My theory is that the first company that truly gets On Demand out there and popularized will destroy everybody. Technically speaking, Comcast is already there in some markets (I'm trying it out in Illinois), now they just need to expand the content. With enough content, On Demand can make Tivo irrelevant. It can make internet broadcasting irrelevant -- who wants to download WMVs when you can watch on your TV with your typical cable box? Oh, and movie rentals? Pay Per View had already made going to Blockbuster a chore, but with On Demand you can forget it. As their library of content expands, you won't need to ever go anywhere to get your hands on that old movie -- and that's good bye to Netflix (though I believe a fringe element of movie viewers will keep them going for a while).

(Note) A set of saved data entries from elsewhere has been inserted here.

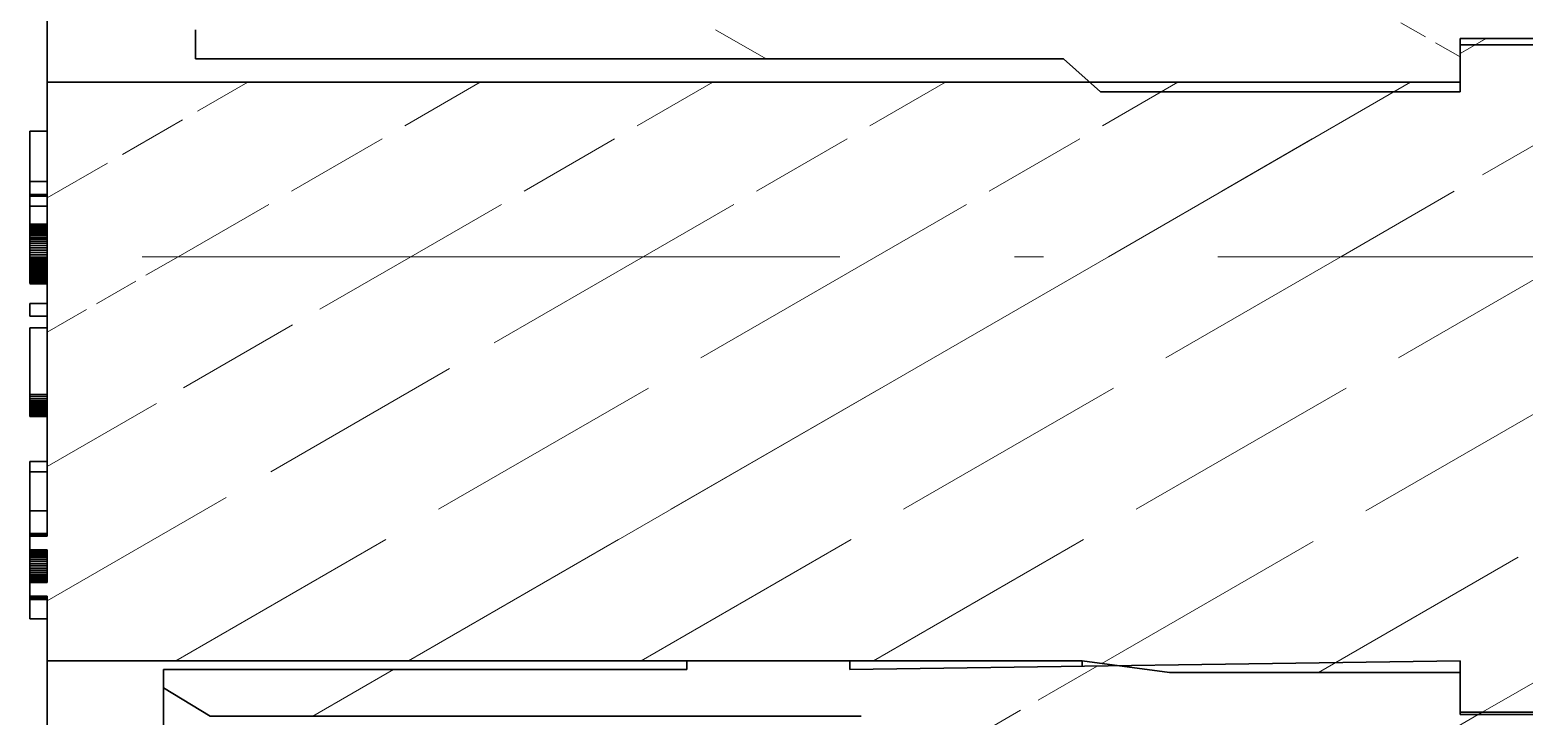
# Model space of a CAD drawing. Extents: x 23 to 417, y 3 to 294.
# Drawn here: x 310.43 to 323.28, y 131.55 to 137.45 of the extents above; entities that cross this region are included whole.
import ezdxf

# ---------------------------------------------------------------- set-up
doc = ezdxf.new("R2010")
doc.units = 0
doc.linetypes.add('DASHDOT', pattern=[18.5, 12, -3, 0.5, -3])
doc.linetypes.add('DASHED', pattern=[15, 12, -3])
doc.layers.get('0').update_dxf_attribs({"lineweight": 13})

# ---------------------------------------------------------------- blocks, each defined once
blk = doc.blocks.new('BLOCK4532')
at = {"color": 7, "lineweight": 35, "ltscale": 0.09375}
blk.add_line((-18.25, 3), (-18.25, 6.75), dxfattribs=at)
at = {"color": 7, "lineweight": 35, "ltscale": 0.0125}
blk.add_line((-15.7, 3.9), (-15.7, 3.4), dxfattribs=at)
at = {"color": 7, "lineweight": 35, "ltscale": 0.145}
blk.add_line((6.05, 3.75), (11.85, 3.75), dxfattribs=at)
at = {"color": 7, "lineweight": 35, "ltscale": 0.01875}
blk.add_line((6.05, 3), (6.05, 3.75), dxfattribs=at)
at = {"color": 7, "lineweight": 35, "ltscale": 0.020177}
blk.add_line((6.05, 3.642), (6.05, 2.835), dxfattribs=at)
at = {"color": 7, "lineweight": 35, "ltscale": 0.142}
blk.add_line((6.05, 3.642), (11.73, 3.642), dxfattribs=at)
at = {"color": 7, "lineweight": 35, "ltscale": 0.37325}
blk.add_line((-15.7, 3.4), (-0.77, 3.4), dxfattribs=at)
at = {"color": 7, "lineweight": 35, "ltscale": 0.021196}
blk.add_line((-0.77, 3.4), (-0.138, 2.835), dxfattribs=at)
at = {"color": 7, "lineweight": 35, "ltscale": 0.075}
blk.add_line((-18.25, 3), (-18.25, 0), dxfattribs=at)
at = {"color": 7, "lineweight": 35}
blk.add_line((-18.25, 3), (6.05, 3), dxfattribs=at)
at = {"color": 7, "lineweight": 35, "ltscale": 0.154696}
blk.add_line((-0.138, 2.835), (6.05, 2.835), dxfattribs=at)
at = {"color": 7, "lineweight": 35, "ltscale": 0.0075}
for p, q in [((-18.25, 2.157), (-18.55, 2.157)), ((-18.25, 1.292), (-18.55, 1.292)), ((-18.25, 1.069), (-18.55, 1.069)), ((-18.25, 1.069), (-18.55, 1.069)), ((-18.25, 1.069), (-18.55, 1.069)), ((-18.25, 1.068), (-18.55, 1.068)), ((-18.25, 1.067), (-18.55, 1.067)), ((-18.25, 1.064), (-18.55, 1.064)), ((-18.25, 1.06), (-18.55, 1.06)), ((-18.25, 1.056), (-18.55, 1.056)), ((-18.25, 1.05), (-18.55, 1.05)), ((-18.25, 1.043), (-18.55, 1.043)), ((-18.25, 1.042), (-18.55, 1.042)), ((-18.25, 0.866), (-18.55, 0.866)), ((-18.25, 0.557), (-18.55, 0.557)), ((-18.25, 0.556), (-18.55, 0.556)), ((-18.25, 0.552), (-18.55, 0.552)), ((-18.25, 0.545), (-18.55, 0.545)), ((-18.25, 0.535), (-18.55, 0.535)), ((-18.25, 0.523), (-18.55, 0.523)), ((-18.25, 0.508), (-18.55, 0.508)), ((-18.25, 0.49), (-18.55, 0.49)), ((-18.25, 0.47), (-18.55, 0.47)), ((-18.25, 0.447), (-18.55, 0.447)), ((-18.25, 0.421), (-18.55, 0.421)), ((-18.25, 0.393), (-18.55, 0.393)), ((-18.25, 0.364), (-18.55, 0.364)), ((-18.25, 0.332), (-18.55, 0.332)), ((-18.25, 0.3), (-18.55, 0.3)), ((-18.25, 0.266), (-18.55, 0.266)), ((-18.25, 0.23), (-18.55, 0.23)), ((-18.25, 0.192), (-18.55, 0.192)), ((-18.25, 0.154), (-18.55, 0.154)), ((-18.25, 0.113), (-18.55, 0.113)), ((-18.25, 0.071), (-18.55, 0.071)), ((-18.25, 0.031), (-18.55, 0.031)), ((-18.25, -0.006), (-18.55, -0.006)), ((-18.25, -0.033), (-18.55, -0.033)), ((-18.25, -0.06), (-18.55, -0.06)), ((-18.25, -0.087), (-18.55, -0.087)), ((-18.25, -0.113), (-18.55, -0.113)), ((-18.25, -0.138), (-18.55, -0.138)), ((-18.25, -0.163), (-18.55, -0.163)), ((-18.25, -0.188), (-18.55, -0.188)), ((-18.25, -0.213), (-18.55, -0.213)), ((-18.25, -0.236), (-18.55, -0.236)), ((-18.25, -0.259), (-18.55, -0.259)), ((-18.25, -0.28), (-18.55, -0.28)), ((-18.25, -0.301), (-18.55, -0.301)), ((-18.25, -0.32), (-18.55, -0.32)), ((-18.25, -0.338), (-18.55, -0.338)), ((-18.25, -0.355), (-18.55, -0.355)), ((-18.25, -0.37), (-18.55, -0.37)), ((-18.25, -0.385), (-18.55, -0.385)), ((-18.25, -0.399), (-18.55, -0.399)), ((-18.25, -0.411), (-18.55, -0.411)), ((-18.25, -0.422), (-18.55, -0.422)), ((-18.25, -0.431), (-18.55, -0.431)), ((-18.25, -0.44), (-18.55, -0.44)), ((-18.25, -0.447), (-18.55, -0.447)), ((-18.25, -0.453), (-18.55, -0.453)), ((-18.25, -0.457), (-18.55, -0.457)), ((-18.25, -0.46), (-18.55, -0.46)), ((-18.25, -0.462), (-18.55, -0.462)), ((-18.25, -0.463), (-18.55, -0.463)), ((-18.25, -0.463), (-18.55, -0.463)), ((-18.25, -0.464), (-18.55, -0.464)), ((-18.25, -0.807), (-18.55, -0.807)), ((-18.25, -1.021), (-18.55, -1.021)), ((-18.25, -1.221), (-18.55, -1.221)), ((-18.25, -2.367), (-18.55, -2.367)), ((-18.25, -2.405), (-18.55, -2.405)), ((-18.25, -2.442), (-18.55, -2.442)), ((-18.25, -2.476), (-18.55, -2.476)), ((-18.25, -2.507), (-18.55, -2.507)), ((-18.25, -2.537), (-18.55, -2.537)), ((-18.25, -2.563), (-18.55, -2.563)), ((-18.25, -2.588), (-18.55, -2.588)), ((-18.25, -2.609), (-18.55, -2.609)), ((-18.25, -2.629), (-18.55, -2.629)), ((-18.25, -2.646), (-18.55, -2.646)), ((-18.25, -2.665), (-18.55, -2.665)), ((-18.25, -2.683), (-18.55, -2.683)), ((-18.25, -2.698), (-18.55, -2.698)), ((-18.25, -2.711), (-18.55, -2.711)), ((-18.25, -2.723), (-18.55, -2.723)), ((-18.25, -2.732), (-18.55, -2.732)), ((-18.25, -2.739), (-18.55, -2.739)), ((-18.25, -2.744), (-18.55, -2.744)), ((-18.25, -2.747), (-18.55, -2.747)), ((-18.25, -2.748), (-18.55, -2.748)), ((-18.25, -3.52), (-18.55, -3.52)), ((-18.25, -3.697), (-18.55, -3.697)), ((-18.25, -4.37), (-18.55, -4.37)), ((-18.25, -4.758), (-18.55, -4.758)), ((-18.25, -4.759), (-18.55, -4.759)), ((-18.25, -4.76), (-18.55, -4.76)), ((-18.25, -4.762), (-18.55, -4.762)), ((-18.25, -4.765), (-18.55, -4.765)), ((-18.25, -4.768), (-18.55, -4.768)), ((-18.25, -4.773), (-18.55, -4.773)), ((-18.25, -4.778), (-18.55, -4.778)), ((-18.25, -4.784), (-18.55, -4.784)), ((-18.25, -4.791), (-18.55, -4.791)), ((-18.25, -4.799), (-18.55, -4.799)), ((-18.25, -4.807), (-18.55, -4.807)), ((-18.55, -4.808), (-18.25, -4.808)), ((-18.55, -5.042), (-18.25, -5.042)), ((-18.25, -5.06), (-18.55, -5.06)), ((-18.25, -5.086), (-18.55, -5.086)), ((-18.25, -5.114), (-18.55, -5.114)), ((-18.25, -5.143), (-18.55, -5.143)), ((-18.25, -5.174), (-18.55, -5.174)), ((-18.25, -5.207), (-18.55, -5.207)), ((-18.25, -5.242), (-18.55, -5.242)), ((-18.25, -5.279), (-18.55, -5.279)), ((-18.25, -5.318), (-18.55, -5.318)), ((-18.25, -5.356), (-18.55, -5.356)), ((-18.25, -5.392), (-18.55, -5.392)), ((-18.25, -5.426), (-18.55, -5.426)), ((-18.25, -5.457), (-18.55, -5.457)), ((-18.25, -5.486), (-18.55, -5.486)), ((-18.25, -5.513), (-18.55, -5.513)), ((-18.25, -5.538), (-18.55, -5.538)), ((-18.25, -5.561), (-18.55, -5.561)), ((-18.25, -5.582), (-18.55, -5.582)), ((-18.25, -5.6), (-18.55, -5.6)), ((-18.55, -5.601), (-18.25, -5.601)), ((-18.55, -5.835), (-18.25, -5.835)), ((-18.25, -5.839), (-18.55, -5.839)), ((-18.25, -5.856), (-18.55, -5.856)), ((-18.25, -5.87), (-18.55, -5.87)), ((-18.25, -5.88), (-18.55, -5.88)), ((-18.25, -5.888), (-18.55, -5.888)), ((-18.25, -5.893), (-18.55, -5.893)), ((-18.25, -5.894), (-18.55, -5.894)), ((-18.25, -6.225), (-18.55, -6.225))]:
    blk.add_line(p, q, dxfattribs=at)
at = {"color": 7, "lineweight": 35, "ltscale": 0.021615}
blk.add_line((-18.55, 2.157), (-18.55, 1.292), dxfattribs=at)
at = {"color": 7, "lineweight": 35, "ltscale": 0.005593}
blk.add_line((-18.55, 1.292), (-18.55, 1.069), dxfattribs=at)
at = {"color": 7, "lineweight": 35, "ltscale": 3.9675e-05}
blk.add_line((-18.55, 1.068), (-18.55, 1.067), dxfattribs=at)
at = {"color": 7, "lineweight": 35, "ltscale": 6.5625e-05}
blk.add_line((-18.55, 1.067), (-18.55, 1.064), dxfattribs=at)
at = {"color": 7, "lineweight": 35, "ltscale": 9.23e-05}
blk.add_line((-18.55, 1.064), (-18.55, 1.06), dxfattribs=at)
at = {"color": 7, "lineweight": 35, "ltscale": 0.00011865}
blk.add_line((-18.55, 1.06), (-18.55, 1.056), dxfattribs=at)
at = {"color": 7, "lineweight": 35, "ltscale": 0.00014495}
for p, q in [((-18.55, 1.056), (-18.55, 1.05)), ((-18.55, -0.447), (-18.55, -0.453))]:
    blk.add_line(p, q, dxfattribs=at)
at = {"color": 7, "lineweight": 35, "ltscale": 0.000171275}
blk.add_line((-18.55, 1.05), (-18.55, 1.043), dxfattribs=at)
at = {"color": 7, "lineweight": 35, "ltscale": 0.0044}
blk.add_line((-18.55, 1.042), (-18.55, 0.866), dxfattribs=at)
at = {"color": 7, "lineweight": 35, "ltscale": 0.007725}
blk.add_line((-18.55, 0.866), (-18.55, 0.557), dxfattribs=at)
at = {"color": 7, "lineweight": 35, "ltscale": 3.395e-05}
blk.add_line((-18.55, 0.557), (-18.55, 0.556), dxfattribs=at)
at = {"color": 7, "lineweight": 35, "ltscale": 0.00010185}
blk.add_line((-18.55, 0.556), (-18.55, 0.552), dxfattribs=at)
at = {"color": 7, "lineweight": 35, "ltscale": 0.00017015}
blk.add_line((-18.55, 0.552), (-18.55, 0.545), dxfattribs=at)
at = {"color": 7, "lineweight": 35, "ltscale": 0.0002384}
blk.add_line((-18.55, 0.545), (-18.55, 0.535), dxfattribs=at)
at = {"color": 7, "lineweight": 35, "ltscale": 0.00030595}
blk.add_line((-18.55, 0.535), (-18.55, 0.523), dxfattribs=at)
at = {"color": 7, "lineweight": 35, "ltscale": 0.000374225}
blk.add_line((-18.55, 0.523), (-18.55, 0.508), dxfattribs=at)
at = {"color": 7, "lineweight": 35, "ltscale": 0.0004425}
blk.add_line((-18.55, 0.508), (-18.55, 0.49), dxfattribs=at)
at = {"color": 7, "lineweight": 35, "ltscale": 0.000510025}
blk.add_line((-18.55, 0.49), (-18.55, 0.47), dxfattribs=at)
at = {"color": 7, "lineweight": 35, "ltscale": 0.0005787}
blk.add_line((-18.55, 0.47), (-18.55, 0.447), dxfattribs=at)
at = {"color": 7, "lineweight": 35, "ltscale": 0.0006462}
blk.add_line((-18.55, 0.447), (-18.55, 0.421), dxfattribs=at)
at = {"color": 7, "lineweight": 35, "ltscale": 0.0007}
blk.add_line((-18.55, 0.421), (-18.55, 0.393), dxfattribs=at)
at = {"color": 7, "lineweight": 35, "ltscale": 0.000738525}
blk.add_line((-18.55, 0.393), (-18.55, 0.364), dxfattribs=at)
at = {"color": 7, "lineweight": 35, "ltscale": 0.000777825}
blk.add_line((-18.55, 0.364), (-18.55, 0.332), dxfattribs=at)
at = {"color": 7, "lineweight": 35, "ltscale": 0.000816325}
blk.add_line((-18.55, 0.332), (-18.55, 0.3), dxfattribs=at)
at = {"color": 7, "lineweight": 35, "ltscale": 0.00085565}
blk.add_line((-18.55, 0.3), (-18.55, 0.266), dxfattribs=at)
at = {"color": 7, "lineweight": 35, "ltscale": 0.00089415}
blk.add_line((-18.55, 0.266), (-18.55, 0.23), dxfattribs=at)
at = {"color": 7, "lineweight": 35, "ltscale": 0.000933075}
blk.add_line((-18.55, 0.23), (-18.55, 0.192), dxfattribs=at)
at = {"color": 7, "lineweight": 35, "ltscale": 0.000972}
blk.add_line((-18.55, 0.192), (-18.55, 0.154), dxfattribs=at)
at = {"color": 7, "lineweight": 35, "ltscale": 0.001011}
blk.add_line((-18.55, 0.154), (-18.55, 0.113), dxfattribs=at)
at = {"color": 7, "lineweight": 35, "ltscale": 0.00105}
blk.add_line((-18.55, 0.113), (-18.55, 0.071), dxfattribs=at)
at = {"color": 7, "lineweight": 35, "ltscale": 0.001004}
blk.add_line((-18.55, 0.071), (-18.55, 0.031), dxfattribs=at)
at = {"color": 7, "lineweight": 35, "ltscale": 0.000774105}
blk.add_line((-18.55, 0.031), (-18.55, 0), dxfattribs=at)
at = {"color": 7, "linetype": 'DASHDOT', "lineweight": 13, "ltscale": 0.0075}
blk.add_line((-18.55, 0), (-18.25, 0), dxfattribs=at)
at = {"color": 7, "lineweight": 35, "ltscale": 0.120211}
blk.add_line((-18.25, -4.808), (-18.25, 0), dxfattribs=at)
at = {"color": 7, "linetype": 'DASHDOT', "lineweight": 13}
blk.add_line((13.883, 0), (-18.25, 0), dxfattribs=at)
at = {"color": 7, "lineweight": 35, "ltscale": 0.000680925}
blk.add_line((-18.55, -0.006), (-18.55, -0.033), dxfattribs=at)
at = {"color": 7, "lineweight": 35, "ltscale": 0.000671}
blk.add_line((-18.55, -0.033), (-18.55, -0.06), dxfattribs=at)
at = {"color": 7, "lineweight": 35, "ltscale": 0.000661075}
blk.add_line((-18.55, -0.06), (-18.55, -0.087), dxfattribs=at)
at = {"color": 7, "lineweight": 35, "ltscale": 0.000651175}
blk.add_line((-18.55, -0.087), (-18.55, -0.113), dxfattribs=at)
at = {"color": 7, "lineweight": 35, "ltscale": 0.00064125}
blk.add_line((-18.55, -0.113), (-18.55, -0.138), dxfattribs=at)
at = {"color": 7, "lineweight": 35, "ltscale": 0.00063095}
blk.add_line((-18.55, -0.138), (-18.55, -0.163), dxfattribs=at)
at = {"color": 7, "lineweight": 35, "ltscale": 0.000621425}
blk.add_line((-18.55, -0.163), (-18.55, -0.188), dxfattribs=at)
at = {"color": 7, "lineweight": 35, "ltscale": 0.0006111}
blk.add_line((-18.55, -0.188), (-18.55, -0.213), dxfattribs=at)
at = {"color": 7, "lineweight": 35, "ltscale": 0.00059205}
blk.add_line((-18.55, -0.213), (-18.55, -0.236), dxfattribs=at)
at = {"color": 7, "lineweight": 35, "ltscale": 0.000563825}
blk.add_line((-18.55, -0.236), (-18.55, -0.259), dxfattribs=at)
at = {"color": 7, "lineweight": 35, "ltscale": 0.0005352}
blk.add_line((-18.55, -0.259), (-18.55, -0.28), dxfattribs=at)
at = {"color": 7, "lineweight": 35, "ltscale": 0.000506975}
blk.add_line((-18.55, -0.28), (-18.55, -0.301), dxfattribs=at)
at = {"color": 7, "lineweight": 35, "ltscale": 0.00047835}
blk.add_line((-18.55, -0.301), (-18.55, -0.32), dxfattribs=at)
at = {"color": 7, "lineweight": 35, "ltscale": 0.000450125}
blk.add_line((-18.55, -0.32), (-18.55, -0.338), dxfattribs=at)
at = {"color": 7, "lineweight": 35, "ltscale": 0.000421525}
blk.add_line((-18.55, -0.338), (-18.55, -0.355), dxfattribs=at)
at = {"color": 7, "lineweight": 35, "ltscale": 0.0003933}
blk.add_line((-18.55, -0.355), (-18.55, -0.37), dxfattribs=at)
at = {"color": 7, "lineweight": 35, "ltscale": 0.000365075}
blk.add_line((-18.55, -0.37), (-18.55, -0.385), dxfattribs=at)
at = {"color": 7, "lineweight": 35, "ltscale": 0.00033645}
blk.add_line((-18.55, -0.385), (-18.55, -0.399), dxfattribs=at)
at = {"color": 7, "lineweight": 35, "ltscale": 0.000306325}
blk.add_line((-18.55, -0.399), (-18.55, -0.411), dxfattribs=at)
at = {"color": 7, "lineweight": 35, "ltscale": 0.0002739}
blk.add_line((-18.55, -0.411), (-18.55, -0.422), dxfattribs=at)
at = {"color": 7, "lineweight": 35, "ltscale": 0.000241475}
blk.add_line((-18.55, -0.422), (-18.55, -0.431), dxfattribs=at)
at = {"color": 7, "lineweight": 35, "ltscale": 0.0002098}
blk.add_line((-18.55, -0.431), (-18.55, -0.44), dxfattribs=at)
at = {"color": 7, "lineweight": 35, "ltscale": 0.000177}
blk.add_line((-18.55, -0.44), (-18.55, -0.447), dxfattribs=at)
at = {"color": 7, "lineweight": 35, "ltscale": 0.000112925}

And finally, Hollywood. We've already figured out that no one gives a crap to see movies in the theater anymore. We've got HD sets that are better looking than most screens these days. We've got surround sound we can adjust to our own preference rather than being blown away. Now all we need is a decent way to get movies to the HD sets.
Enter Comcast. Blu-Ray or HD-DVD are at least six months out from being in people's hands and are years away from being widespread. However, today, Comcast can take any movie, get an HDCAM or D5 HD transfer of it, upload it to their server, and have it in your hands tomorrow via On Demand. They completely control the prerecorded HD market today--and will until a new format can rise to challenge them. If this continues, Comcast could easily control virtually all distribution of HD content. That would mean they'd essentially be the world's largest theater owner. That would mean they'd have more power to dictate what movies are made, play on their channels, and how they get marketed than possibly any theater owner ever.
For those not familiar with the movie business, the distributors actually market their movies to theater owners at a conference called Showest. It's as important for the studios that theater owners will show the movie as it is for people to show up at the theater. Sometimes, not as much as it probably should, theater owners vote with their feet and won't show a movie the studios want them to.
Now imagine Comcast controls a massive distribution channel for HD--larger than all theater chains in the US. Theaters sold 1.578b tickets in 2002 (most ever was that year). In 2004, Comcast had 500m On Demand views (incl. lots of free ones, I'm sure). This year, they expect to exceed 1b On Demands. In short, a service that's merely 2 years old has already reached 66% of all movie tickets sold in the US in its best year. One word: pwned.
That's bad news for theater owners, because movie studios would love to have a distribution channel like Comcast -- high definition films that aren't easily crackable by hackers like DVDJon, expire in 24 hours, and can reach 60m people (20m homes) at the touch of a button. No more having to wring their hands over digital distribution to theaters. I wouldn't be surprised if, in the next 5 years, we see a high-end, full-length feature movie get released on HD via On Demand at the same time as theaters. And of course Comcast drives what movie that would be... since their distribution is more powerful than the theaters.
Oh, and one more thing... SBC should look out too. I haven't been on a cable modem yet that doesn't get at least twice the performance of my DSL. The theory is that the switching on DSL is better, but I honestly haven't seen it. Cable providers have everything invested in data, really, when you think about it. It just makes sense that they have to keep performance up.